On the night of July 15, 1781, five American river sloops carrying four eighteen-pound cannons, flour and other supplies from West Point and the Hudson Highlands had just arrived in the Tappan Zee.  Tarrytown, with its harbor and the Martling-Requa Dock, afforded a site upriver from the British naval presence from which to supply the over 10,000 soldiers of the French and American armies that had been encamped at the Philipsburgh Encampment since early July.  That evening, a small fleet of British ships consisting of two sloops of war, two tenders, and one galley, came up the Hudson River with the intention of intercepting the American supply ships and destroying the stores.  The British ships, with a fair wind and tide, moved quickly up the river, passing fortified American positions at Dobbs Ferry after sunset.  The previous night, July 14, the British took a vessel of a “Captain Dobbs,” William Dobbs of Fishkill, laden with 1,000 rations of bread for the French Army, some clothing intended for Sheldon’s regiment, and some passengers.

As soon as the American sloops in the Tappan Zee discovered the British enemy, they headed for the shore at Tarrytown, but three or four of the vessels ran aground one hundred yards from the dock.  As the Americans frantically unloaded the transports, the British ships dropped anchor and began a heavy cannonade, and under cover of this barrage they sent two gunboats and four barges to destroy the American sloops and carry off the supplies.  The only troops at Tarrytown were a sergeant’s guard of twelve French infantry soldiers from the Soissonnais Regiment, but they kept up such a lively and effective fire, they prevented the British gunboats from landing.

Alerted to the situation, Col. Sheldon at Dobbs Ferry immediately sent his mounted dragoons, including Capt. George Hurlbut’s company, to Tarrytown about 7 miles to the north.   Sheldon’s men dismounted and assisted with the retrieval of the supplies from the boats.  Capt. Hurlbut and twelve men of Sheldon’s dragoons took a position on board one of the sloops to protect the valuable stores from the approaching British gunboats.  Armed only with the swords and pistols of cavalry soldiers, Capt. Hurlbut kept his men concealed until the enemy were alongside, at which point he ordered them to fire.  In response the British fired back, killing one of his men.  Now surrounded, Capt. Hurlbut ordered his men to jump overboard and make for the shore.

The British immediately boarded the grounded sloops and set them on fire, but the heavy musket volleys kept up by Sheldon’s dragoons and the French sergeant’s guard on the shore forced the British to retreat before they could take or damage the supplies.  The fire on the sloops, however, threatened to destroy the supplies onboard, so several men watching from shore jumped into the river and swam toward the burning sloop, including Captain Hurlbut, Captain-Lieutenant John Miles of the 2nd Continental Artillery, and Quartermaster Lieutenant Joseph Shaylor of the 4thConnecticut Infantry.  When they reached the burning sloop, they extinguished the fire, thus saving the vessels and most of the cargo.  The British ships remained in the river for the next several days before French and American artillery fire from Tarrytown and Dobbs Ferry compelled them to leave.  While Capt. Hurlbut had been in the water, however, he received a wound from a musket ball through the thigh.

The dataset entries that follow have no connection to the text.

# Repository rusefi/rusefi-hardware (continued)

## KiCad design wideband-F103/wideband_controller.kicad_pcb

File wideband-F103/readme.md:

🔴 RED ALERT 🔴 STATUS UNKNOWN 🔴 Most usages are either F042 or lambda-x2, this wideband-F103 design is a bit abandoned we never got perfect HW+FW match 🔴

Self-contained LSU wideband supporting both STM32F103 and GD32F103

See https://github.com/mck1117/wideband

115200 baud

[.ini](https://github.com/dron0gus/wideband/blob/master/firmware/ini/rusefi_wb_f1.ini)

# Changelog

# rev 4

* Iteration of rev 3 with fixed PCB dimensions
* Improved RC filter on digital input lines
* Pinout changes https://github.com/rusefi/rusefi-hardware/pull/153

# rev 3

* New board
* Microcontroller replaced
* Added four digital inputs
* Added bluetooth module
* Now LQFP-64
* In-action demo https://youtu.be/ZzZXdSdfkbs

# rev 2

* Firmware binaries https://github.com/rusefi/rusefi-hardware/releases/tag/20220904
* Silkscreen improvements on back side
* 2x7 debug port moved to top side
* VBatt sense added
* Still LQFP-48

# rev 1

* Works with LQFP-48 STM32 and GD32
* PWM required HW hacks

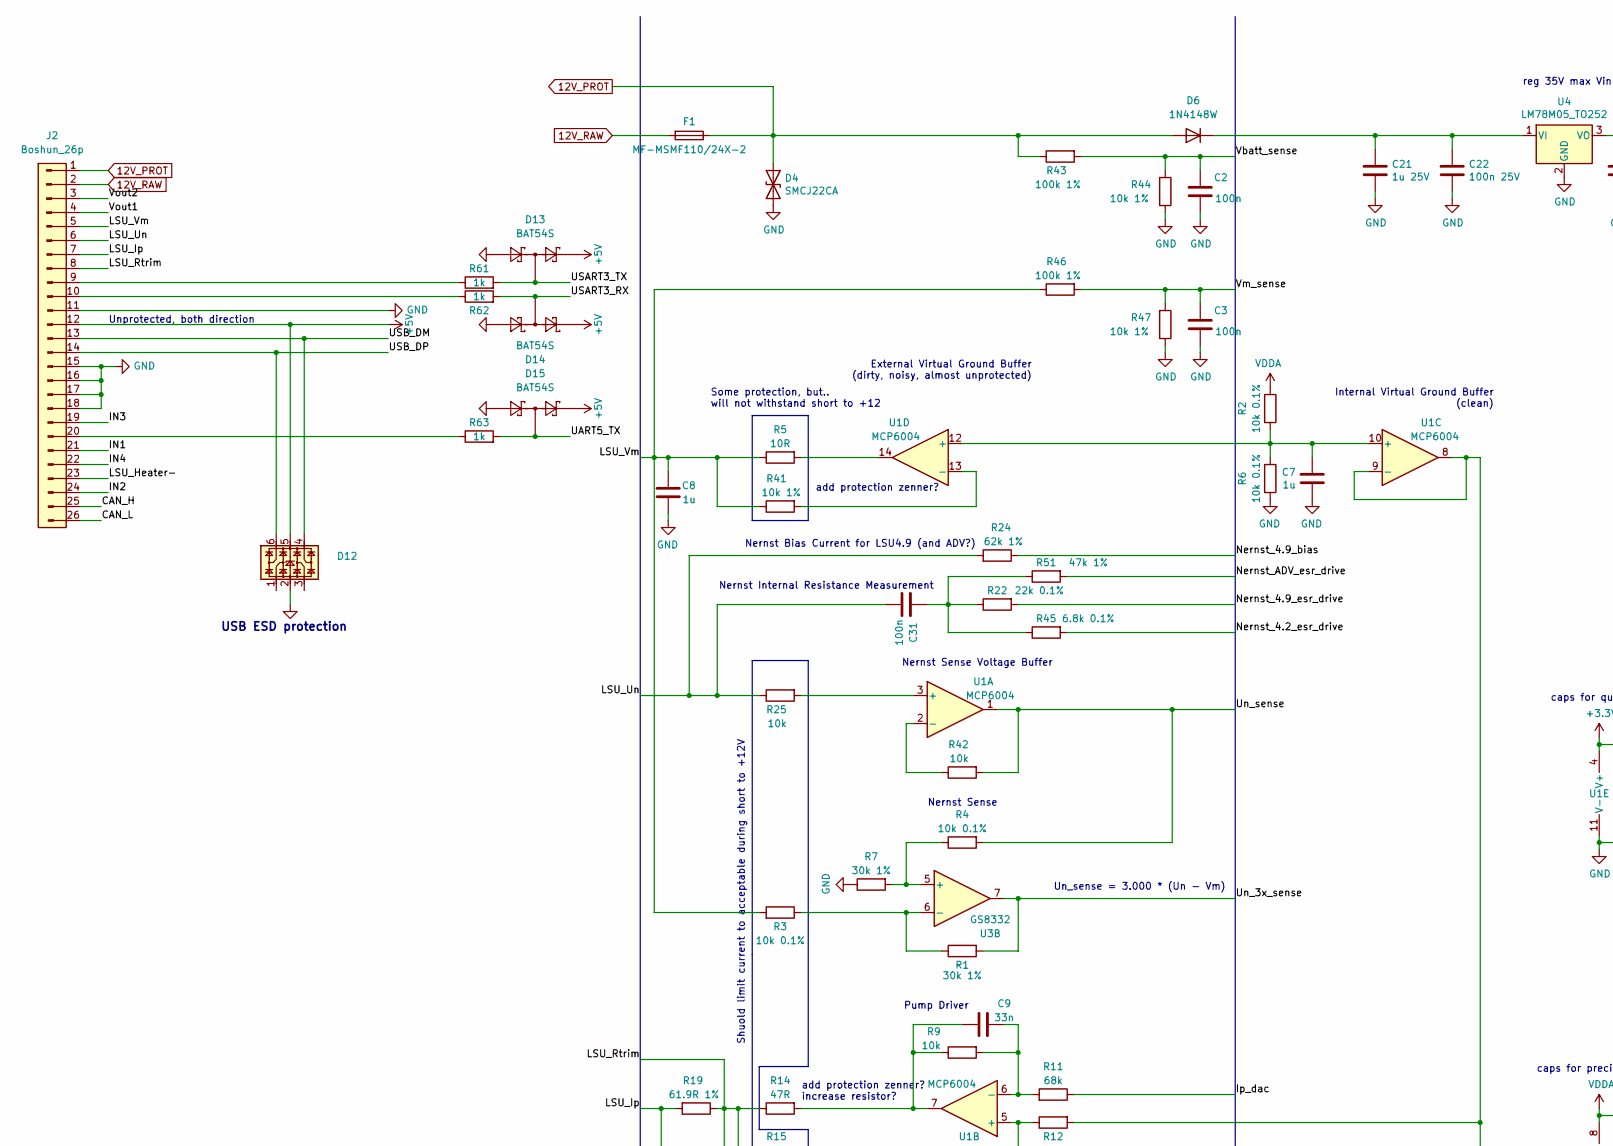
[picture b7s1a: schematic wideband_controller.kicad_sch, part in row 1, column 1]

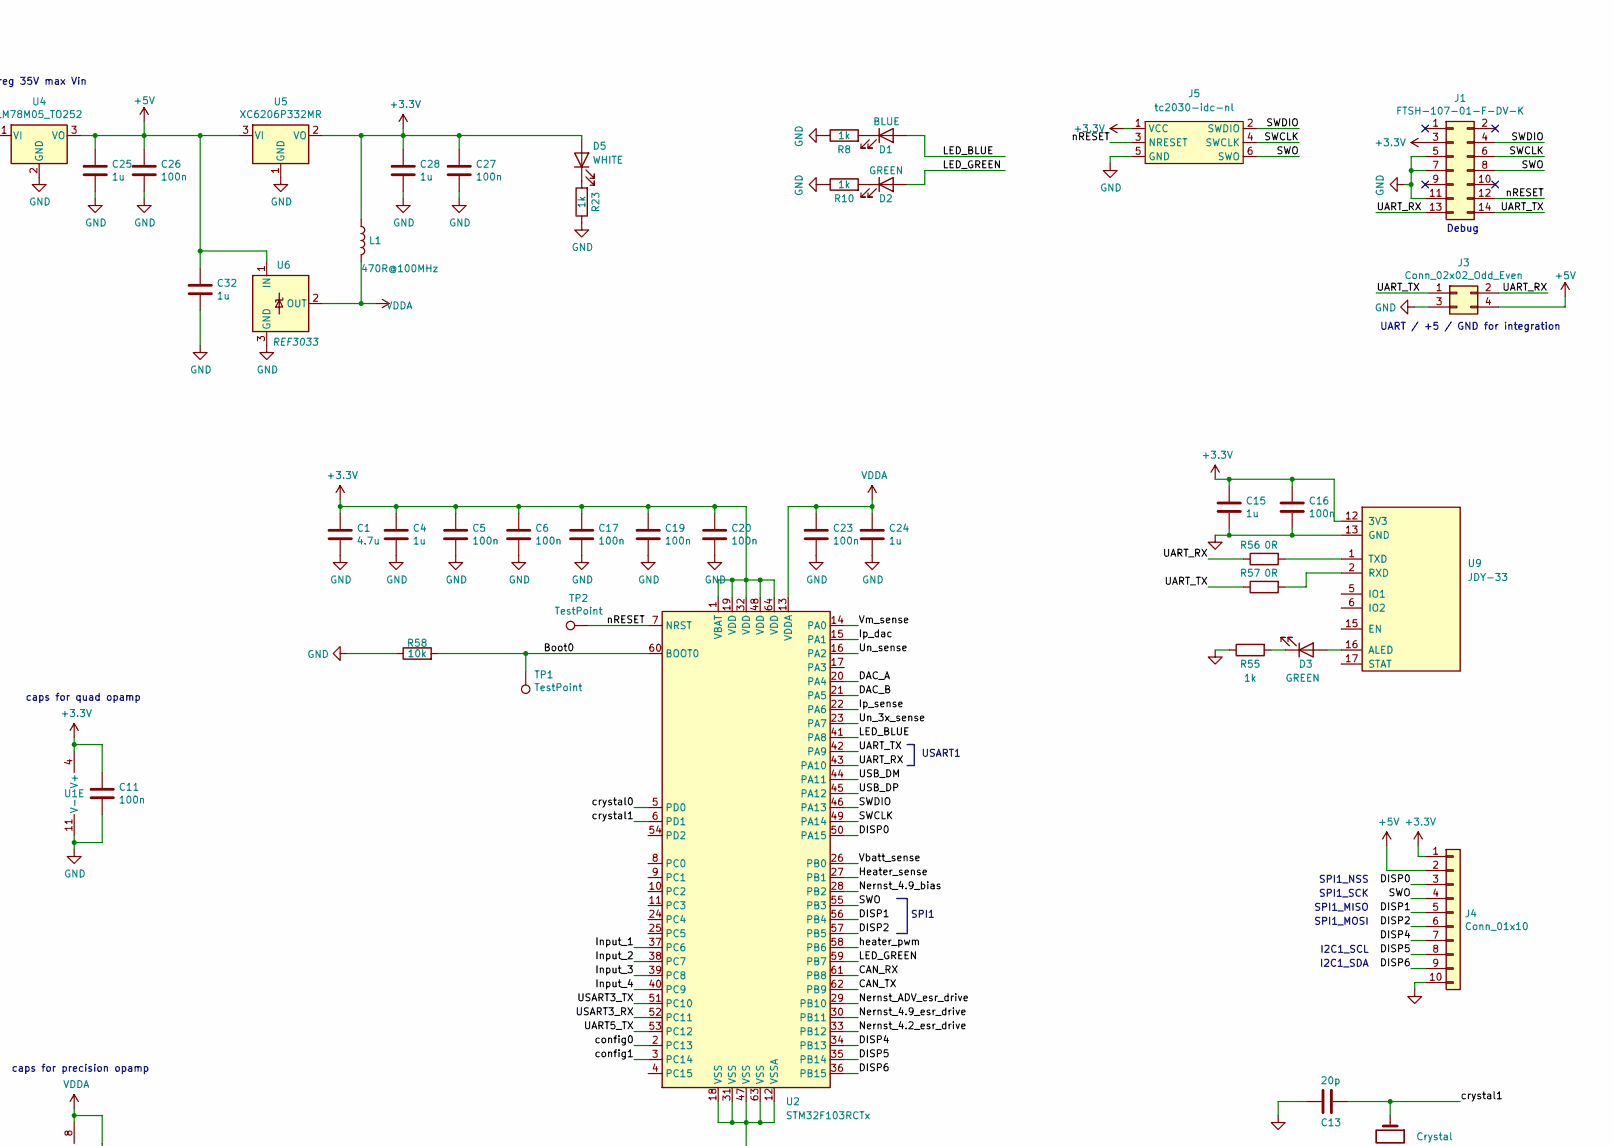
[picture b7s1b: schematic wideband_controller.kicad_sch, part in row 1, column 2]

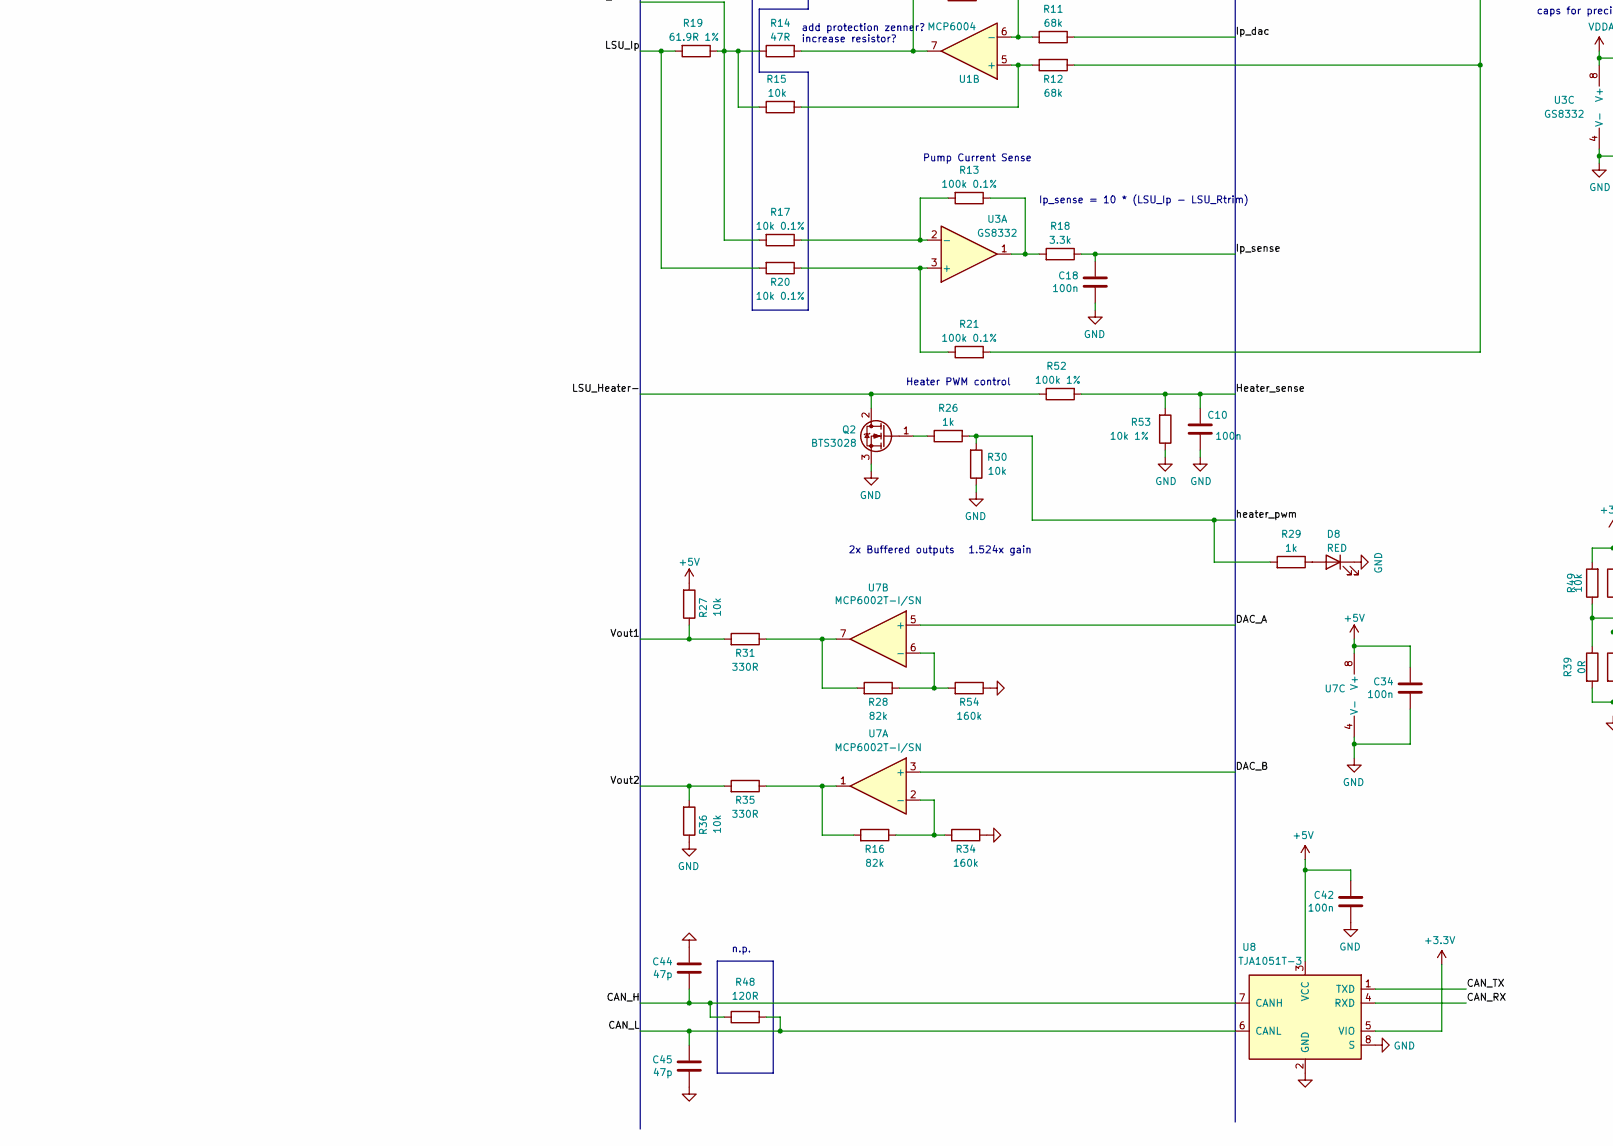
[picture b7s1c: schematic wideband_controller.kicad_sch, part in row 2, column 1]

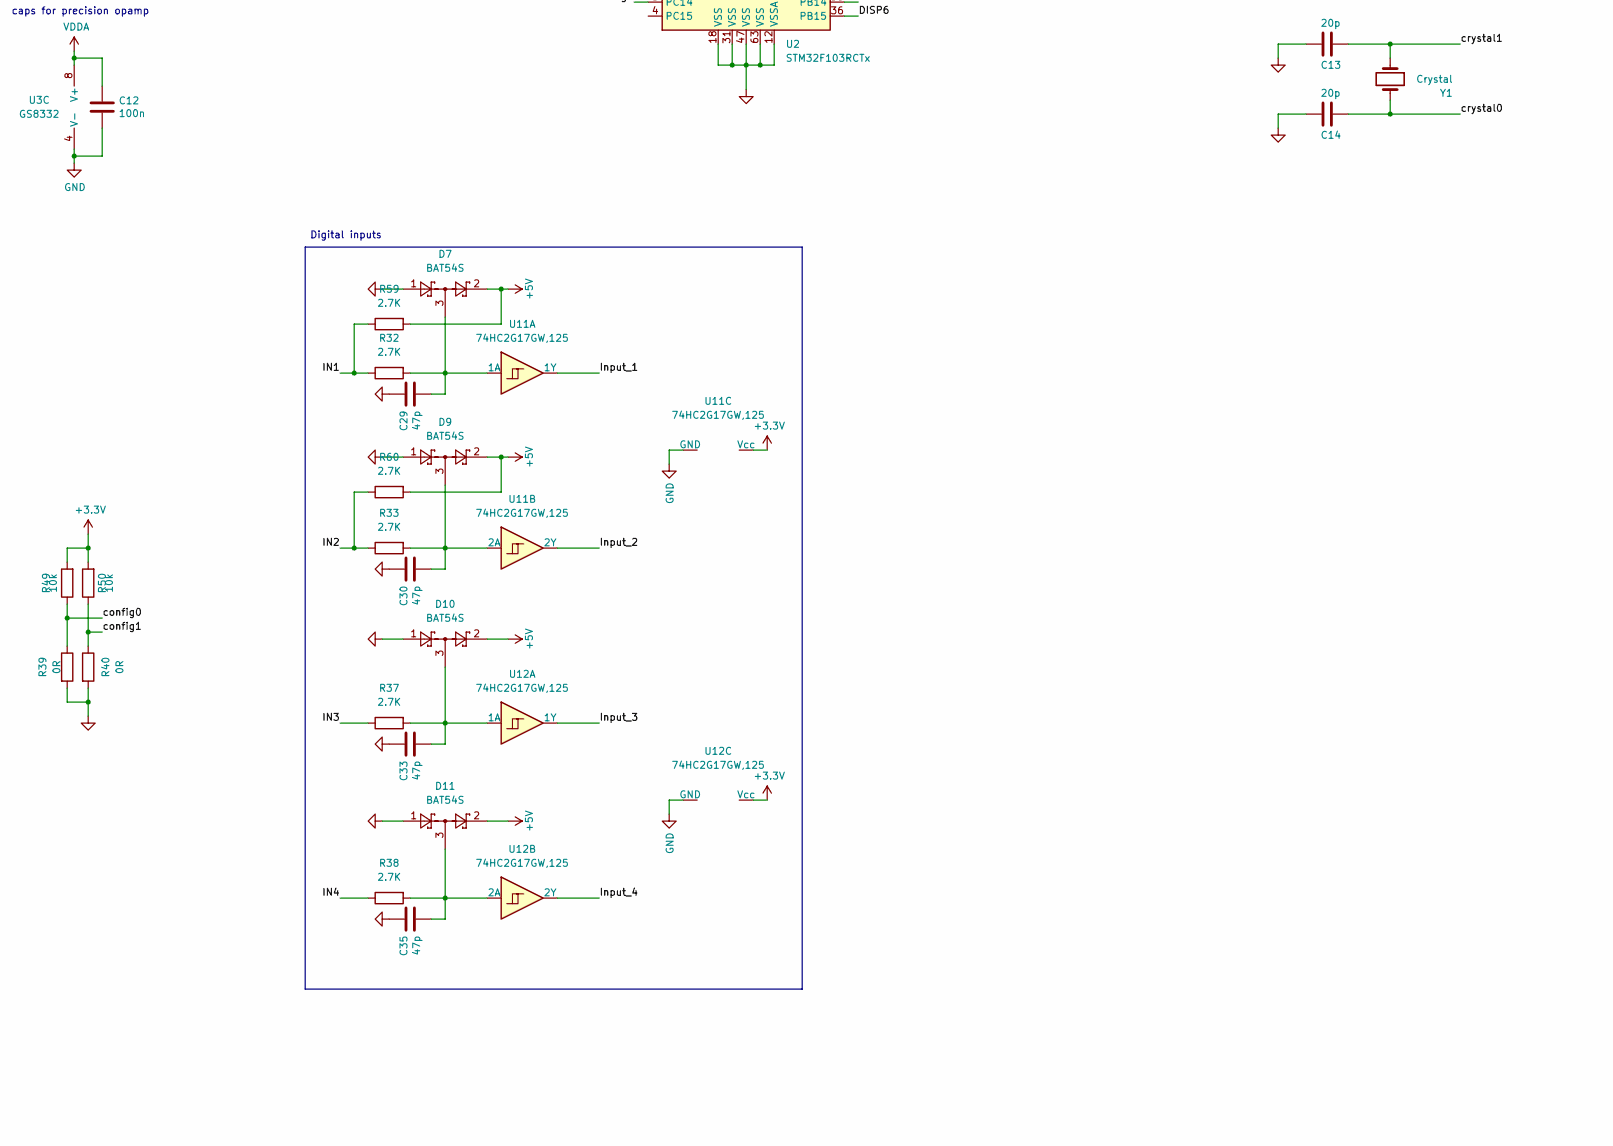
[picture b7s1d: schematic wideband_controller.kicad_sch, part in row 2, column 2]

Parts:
C1: 4.7u; C_0402_1005Metric; LCSC C23733
C2, C3, C5, C6, C10, C11, C12, C16, C17, C18, C19, C20, C23, C26, C27, C31, C34, C42: 100n; C_0402_1005Metric; LCSC C1525
C4, C7, C8, C15, C24, C25, C28, C32: 1u; C_0402_1005Metric; LCSC C52923
C9: 33n; C_0402_1005Metric; LCSC C1585
C13, C14: 20p; C_0402_1005Metric; LCSC C52923
C21: 1u 25V; C_0603_1608Metric; LCSC C15849
C22: 100n 25V; C_0603_1608Metric; LCSC C14663
C29, C30, C33, C35, C44, C45: 47p; C_0402_1005Metric; LCSC C1567
D1: BLUE; LED_0603_1608Metric; LCSC C72041
D2, D3: GREEN; LED_0603_1608Metric; LCSC C72043
D4: SMCJ22CA; D_SMC; LCSC C310038
D5: WHITE; LED_0603_1608Metric; LCSC C2290
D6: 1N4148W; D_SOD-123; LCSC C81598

It is possible that Capt. George Hurlbut remained in Tarrytown as he recovered from his wounds.  According to local lore, General Washington visited a sick officer several times at the Van Tassel Inn, later called the Jacob Mott House, an establishment run by John Van Tassel that stood along the Albany Post Road (Broadway) in Tarrytown (at the corner of today’s Hamilton Place and the site of the Landmark Condominium).  Although Capt. Hurlbut was perhaps more wounded than “sick,” it is possible that he recovered at the house and was visited by General Washington, who was then stationed during the Philipsburgh Encampment at his headquarters in what he called “Dobbs Ferry,” at the Appleby House (in today’s Ardsley, the current site of the WFAS radio station).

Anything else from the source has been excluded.